# Upfront cash premium negotiation techniques



## NotMe (Sep 5, 2017)

Do you negotiate price if it appeared to be long trip with low chance for return pickups? Can you share the BKMs?


----------



## Marshall31797 (Apr 10, 2016)

Yes I do certainly!!


----------



## NotMe (Sep 5, 2017)

Marshall31797 said:


> Yes I do certainly!!


Is it: accept->SMS->get destination->negotiate-> go or cancel do not charge if negotiation failed?


----------



## Mars Troll Number 4 (Oct 30, 2015)

With uber/lyft you need to just cancel..

You run the risk of..
A. having the customer report you for "extorting them"
B. having the customer tell support they never got the ride and scamming you of the entire trip
c. having them tell support that they paid you cash, and getting a refund off the cash amount.

A. $100 through uber, nothing more, you get deactivated (total $100 and you lose your job)
B. $100- MINUS $100 after you drop them off ($0 total)
C. $100 + $50 -$200 after they scam support (total $-50) (YES scamming you for more than they paid you)


Your best bet is to just say no.


----------



## UberBastid (Oct 1, 2016)

Uber rules allow you to negotiate return trip fees. I have posted this elsewhere, but I'll do it again:

Me: '' Good morning. *swiping ap* Oh, I see we're going to San Francisco. Great. You need to know that there is a 'return trip surcharge' for out of town trips. I charge fifty cents per mile. San Francisco is about 200 miles away so that would be a $100 cash fee, up front before we leave town. Do we need to go to an ATM?''
I let this sink in for awhile. I usually get a blank stare as they consider ...
I go on to say: ''You don't have to pay this. If you wish, I will cancel the ride with no charge to you and you can try another driver. Up to you.''

At this point I get a couple of questions. 
Pax: Is this ok with Uber?
Answer: Yes. We are allowed to negotiate return trip fees.
Pax: I thought it was all-inclusive. 
Me: No, its not. The amount Uber quoted you was for the trip TO the destination. I have additional costs. Wear and tear on the car and me, gas, my three hours behind the wheel to get home ... these are all costs that Uber doesn't charge for in the initial trip fees that they charge. 
Pax: Can I just tip you on the ap?
Me: No. Uber won't allow a 'tip' of that size.
Pax; Can't I just pay you when we get there.
Me: No. Believe it or not, some people lie. They will promise a payment, then just walk away at the end of the ride - then there I am, stuck 200 miles from home. We need to take care of it before we leave town.

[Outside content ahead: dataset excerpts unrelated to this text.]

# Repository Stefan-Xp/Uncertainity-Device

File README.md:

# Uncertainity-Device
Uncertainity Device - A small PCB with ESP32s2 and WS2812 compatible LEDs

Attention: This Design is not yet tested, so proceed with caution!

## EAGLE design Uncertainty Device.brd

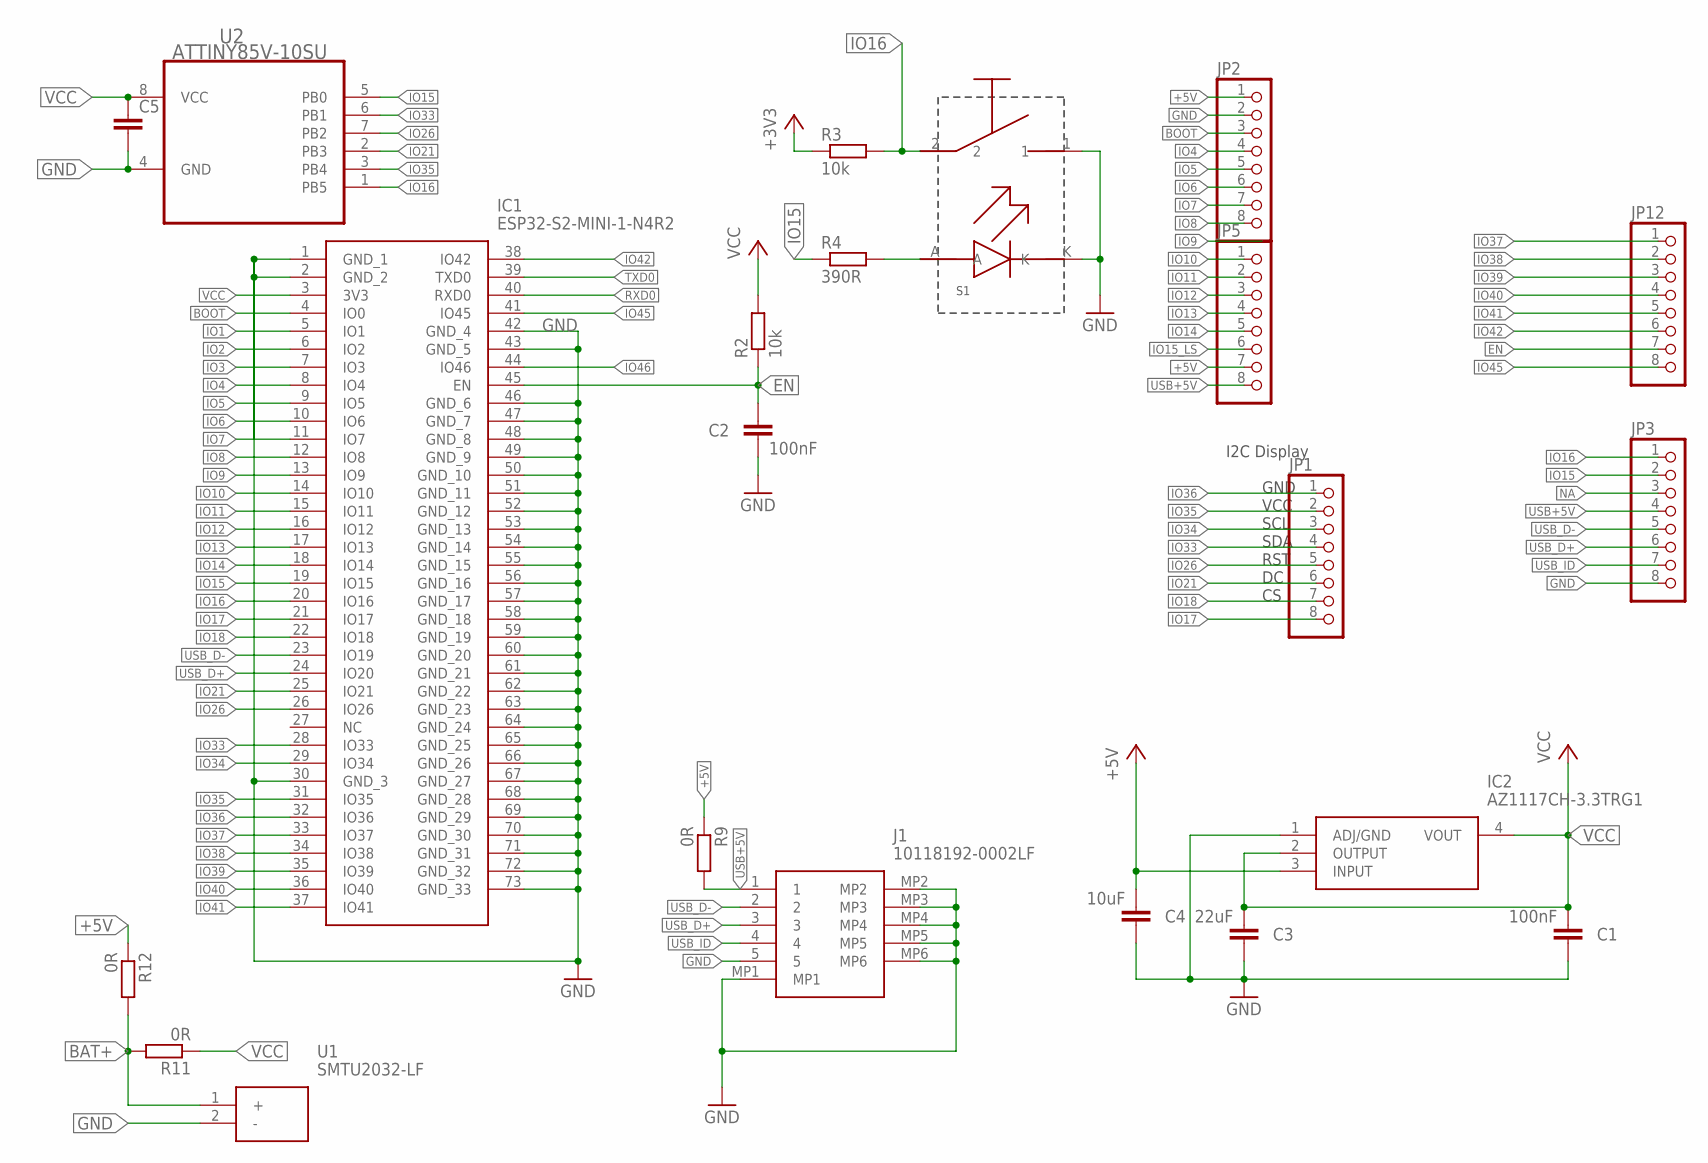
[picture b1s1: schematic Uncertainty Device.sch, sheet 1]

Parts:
C1, C2: 100nF; C0805
C3: 22uF; C0805
C4: 10uF; C0805
C5: C-EUC0805; C0805
IC1: ESP32-S2-MINI-1-N4R2; ESP32S2MINI1N4R2
IC2: AZ1117CH-3.3TRG1; SOT230P700X180-4N
J1: 10118192-0002LF; 101181920002LF
JP1, JP2, JP3, JP5, JP12: PINHD-1X8; 1X08
R2, R3: 10k; R0805
R4: 390R; R0805
R9, R11, R12: 0R; R0805
S1: 3006SMD; SMD
U1: SMTU2032-LF; SMTU2032LF
U2: ATTINY85V-10SU; SOIC127P798X216-8N

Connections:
+3V3: R3.1
+5V: C4.2, IC2.3 (INPUT), JP2.1, JP5.7, R9.1, R12.1
BAT+: R11.2, R12.2, U1.1 (+)
BOOT: IC1.4 (IO0), JP2.3
EN: C2.1, IC1.45 (EN), JP12.7, R2.1
GND: C1.1, C2.2, C3.1, C4.1, C5.2, IC1.1 (GND_1), IC1.2 (GND_2), IC1.30 (GND_3), IC1.42 (GND_4), IC1.43 (GND_5), IC1.46 (GND_6), IC1.47 (GND_7), IC1.48 (GND_8), IC1.49 (GND_9), IC1.50 (GND_10), IC1.51 (GND_11), IC1.52 (GND_12), IC1.53 (GND_13), IC1.54 (GND_14), IC1.55 (GND_15), IC1.56 (GND_16), IC1.57 (GND_17), IC1.58 (GND_18), IC1.59 (GND_19), IC1.60 (GND_20), IC1.61 (GND_21), IC1.62 (GND_22), IC1.63 (GND_23), IC1.64 (GND_24), IC1.65 (GND_25), IC1.66 (GND_26), IC1.67 (GND_27), IC1.68 (GND_28), IC1.69 (GND_29), IC1.70 (GND_30), IC1.71 (GND_31), IC1.72 (GND_32), IC1.73 (GND_33), IC2.1 (ADJ/GND), J1.5, J1.MP1, J1.MP2, J1.MP3, J1.MP4, J1.MP5, J1.MP6, JP2.2, JP3.8, S1.1, S1.K, U1.2 (-), U2.4 (GND); also elsewhere on the board
IO1: IC1.5 (IO1)
IO2: IC1.6 (IO2)
IO3: IC1.7 (IO3)
IO4: IC1.8 (IO4), JP2.4
IO5: IC1.9 (IO5), JP2.5
IO6: IC1.10 (IO6), JP2.6
IO7: IC1.11 (IO7), JP2.7
IO8: IC1.12 (IO8), JP2.8
IO9: IC1.13 (IO9)
IO10: IC1.14 (IO10), JP5.1
IO11: IC1.15 (IO11), JP5.2
IO12: IC1.16 (IO12), JP5.3
IO13: IC1.17 (IO13), JP5.4
IO14: IC1.18 (IO14), JP5.5
IO15: IC1.19 (IO15), JP3.2, R4.1, U2.5 (PB0)
IO15_LS: JP5.6
IO16: IC1.20 (IO16), JP3.1, R3.2, S1.2, U2.1 (PB5)
IO17: IC1.21 (IO17), JP1.8; also elsewhere on the board
IO18: IC1.22 (IO18), JP1.7; also elsewhere on the board
IO21: IC1.25 (IO21), JP1.6, U2.2 (PB3); also elsewhere on the board
IO26: IC1.26 (IO26), JP1.5, U2.7 (PB2); also elsewhere on the board
IO33: IC1.28 (IO33), JP1.4, U2.6 (PB1); also elsewhere on the board
IO34: IC1.29 (IO34), JP1.3; also elsewhere on the board
IO35: IC1.31 (IO35), JP1.2, U2.3 (PB4); also elsewhere on the board
IO36: IC1.32 (IO36), JP1.1
IO37: IC1.33 (IO37), JP12.1
IO38: IC1.34 (IO38), JP12.2
IO39: IC1.35 (IO39), JP12.3
IO40: IC1.36 (IO40), JP12.4
IO41: IC1.37 (IO41), JP12.5
IO42: IC1.38 (IO42), JP12.6
IO45: IC1.41 (IO45), JP12.8
IO46: IC1.44 (IO46)
unnamed: R4.2, S1.A
NA: JP3.3
RXD0: IC1.40 (RXD0)
TXD0: IC1.39 (TXD0)
USB+5V: J1.1, JP3.4, JP5.8, R9.2
USB_D+: IC1.24 (IO20), J1.3, JP3.6
USB_D-: IC1.23 (IO19), J1.2, JP3.5
USB_ID: J1.4, JP3.7
VCC: C1.2, C3.2, C5.1, IC1.3 (3V3), IC2.2 (OUTPUT), IC2.4 (VOUT), R2.2, R11.1, U2.8 (VCC)

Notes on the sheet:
GND
VCC
SCL
SDA
RST
I2C Display

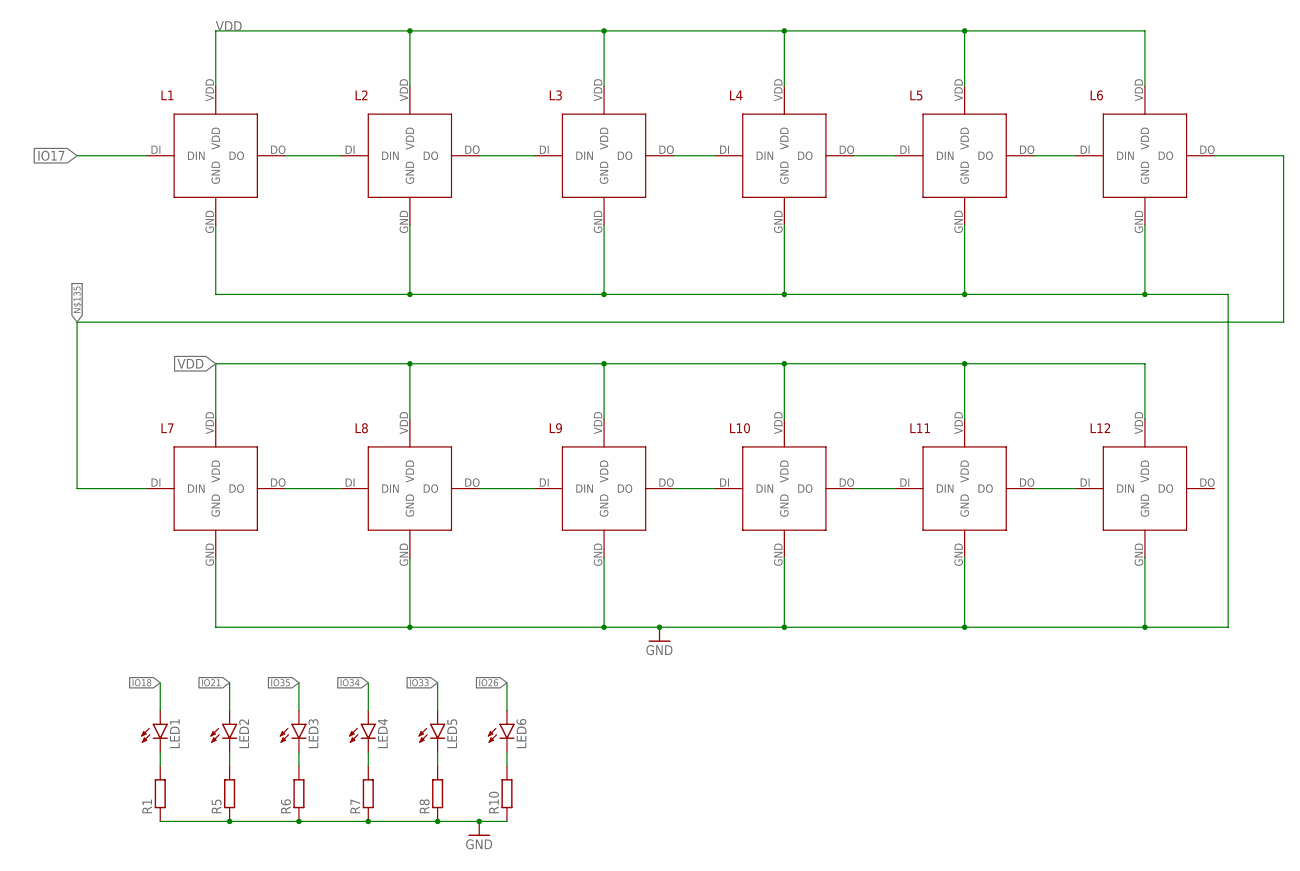
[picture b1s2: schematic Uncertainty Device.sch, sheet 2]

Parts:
L1, L2, L3, L4, L5, L6, L7, L8, L9, L10, L11, L12: XL-1615RGBC; XL-1615RGBC-WS2812
LED1, LED2, LED3, LED4, LED5, LED6: LEDCHIPLED_0805; CHIPLED_0805
R1, R5, R6, R7, R8, R10: R-EU_R0805; R0805

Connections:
GND: L1.GND, L2.GND, L3.GND, L4.GND, L5.GND, L6.GND, L7.GND, L8.GND, L9.GND, L10.GND, L11.GND, L12.GND, R1.1, R5.1, R6.1, R7.1, R8.1, R10.1; also elsewhere on the board
IO17: L1.DI (DIN); also elsewhere on the board
IO18: LED1.A; also elsewhere on the board
IO21: LED2.A; also elsewhere on the board
IO26: LED6.A; also elsewhere on the board
IO33: LED5.A; also elsewhere on the board
IO34: LED4.A; also elsewhere on the board
IO35: LED3.A; also elsewhere on the board
unnamed: LED1.C, R1.2
unnamed: L1.DO, L2.DI (DIN)
unnamed: L2.DO, L3.DI (DIN)
unnamed: L3.DO, L4.DI (DIN)
unnamed: L4.DO, L5.DI (DIN)
unnamed: L5.DO, L6.DI (DIN)
unnamed: L7.DO, L8.DI (DIN)
unnamed: L8.DO, L9.DI (DIN)
unnamed: L9.DO, L10.DI (DIN)
unnamed: L10.DO, L11.DI (DIN)
unnamed: L11.DO, L12.DI (DIN)
unnamed: LED2.C, R5.2
unnamed: LED3.C, R6.2
unnamed: LED4.C, R7.2
unnamed: LED5.C, R8.2
unnamed: LED6.C, R10.2
unnamed: L6.DO, L7.DI (DIN)
VDD: L1.VDD, L2.VDD, L3.VDD, L4.VDD, L5.VDD, L6.VDD, L7.VDD, L8.VDD, L9.VDD, L10.VDD, L11.VDD, L12.VDD

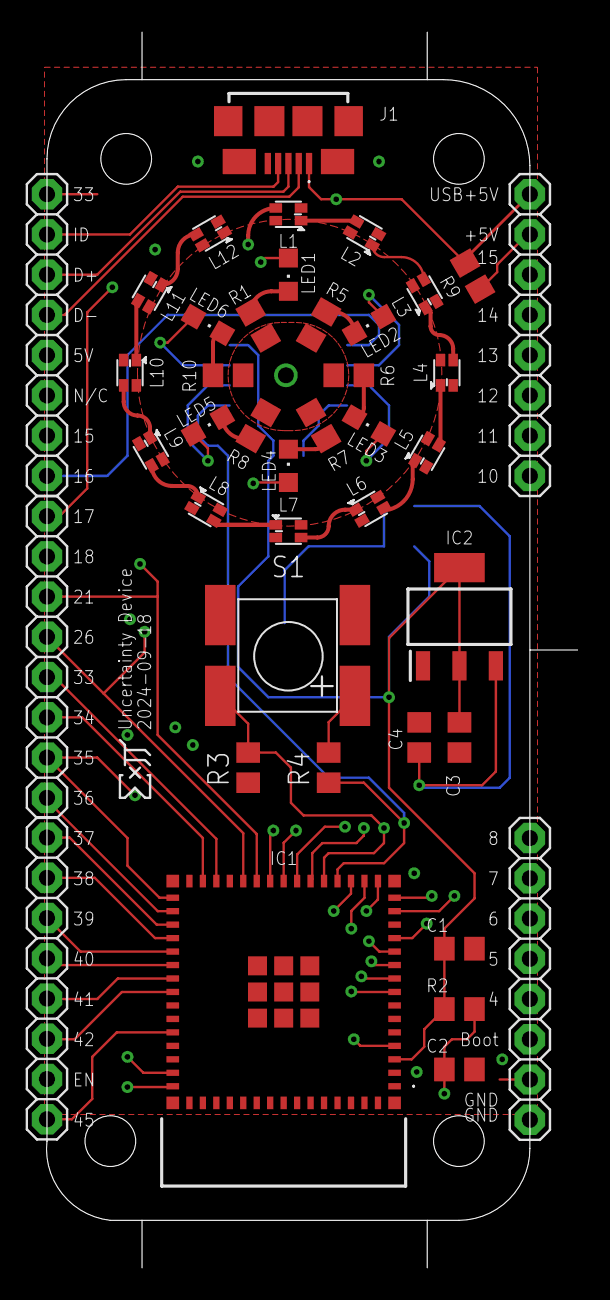
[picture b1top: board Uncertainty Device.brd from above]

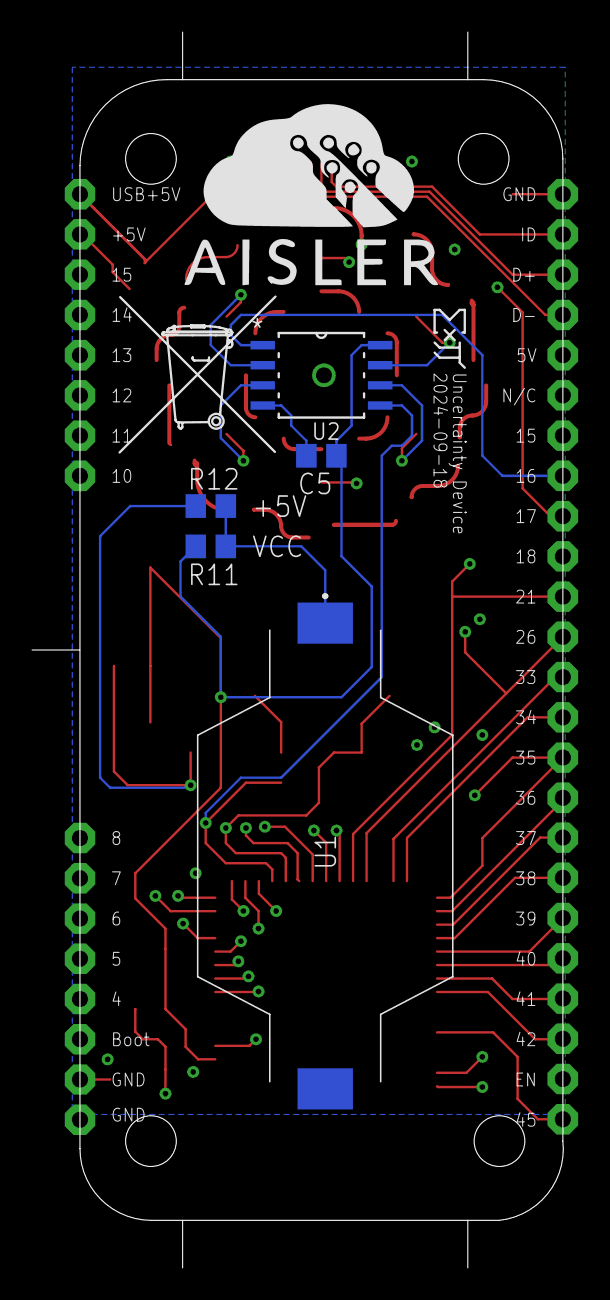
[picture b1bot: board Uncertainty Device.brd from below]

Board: 4 copper layers, 33.5 x 78.0 mm, 48 parts (7 on the bottom side), 56 nets.

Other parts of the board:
U$1: AISLER
U$3: TONNE_10.00

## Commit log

2024-10-20 Added Upload to Aisler button
2024-10-20 Fixed Link
2024-10-20 Update README.md
    Added Warning
2024-10-20 Added Pictures of the Design
2024-10-20 Added PCB Design Pictures

If they get pissed, or attitude starts showing up ... I canx RIGHT IN FRONT OF THEM, and wish them the best of luck. Remember, you're going to spend three hours with the ass-hat in a small cabin.

A one star rating? I really don't give a husky **** about that. Can't spend those stars. 
Four out of five will pay the fee. One of those four will negotiate the fifty cents a mile rate, and I will give a little on that, but not much. 

This is what I do, and have successfully done many times.


----------



## NotMe (Sep 5, 2017)

This approach is more inline with my understanding of how it can be ever profitable.


----------



## Uberdmvdriver (Nov 3, 2020)

UberBastid said:


> Uber rules allow you to negotiate return trip fees. I have posted this elsewhere, but I'll do it again:
> 
> Me: '' Good morning. _swiping ap_ Oh, I see we're going to San Francisco. Great. You need to know that there is a 'return trip surcharge' for out of town trips. I charge fifty cents per mile. San Francisco is about 200 miles away so that would be a $100 cash fee, up front before we leave town. Do we need to go to an ATM?''
> I let this sink in for awhile. I usually get a blank stare as they consider ...
> ...


Nice! I really like your cool strategy. I am going to use that in the future. I have had a couple long distance 4 hour trips that I previously declined for fear of getting cheated and didn't want to believe the horrible lie, "I will tip you in the app."


----------



## Amos69 (May 17, 2019)

That was a doozie


I did the exact same thing. About fifty / fifty on acceptance. Both Spokane and Portland were $160 surcharge.


----------



## Terrapin Bound (Mar 4, 2019)

UberBastid said:


> Uber rules allow you to negotiate return trip fees. I have posted this elsewhere, but I'll do it again:
> 
> Me: '' Good morning. _swiping ap_ Oh, I see we're going to San Francisco. Great. You need to know that there is a 'return trip surcharge' for out of town trips.
> ''You don't have to pay this. If you wish, I will cancel the ride with no charge to you and you can try another driver. Up to you.''
> ...



Where in the Uber Agreement does it say you can negotiate return fees? Is it explicitly authorized, or simply "not disallowed"? 
I generally just cancel but might reconsider if it's legit.


----------



## Disgusted Driver (Jan 9, 2015)

Terrapin Bound said:


> Where in the Uber Agreement does it say you can negotiate return fees? Is it explicitly authorized, or simply "not disallowed"?
> I generally just cancel but might reconsider if it's legit.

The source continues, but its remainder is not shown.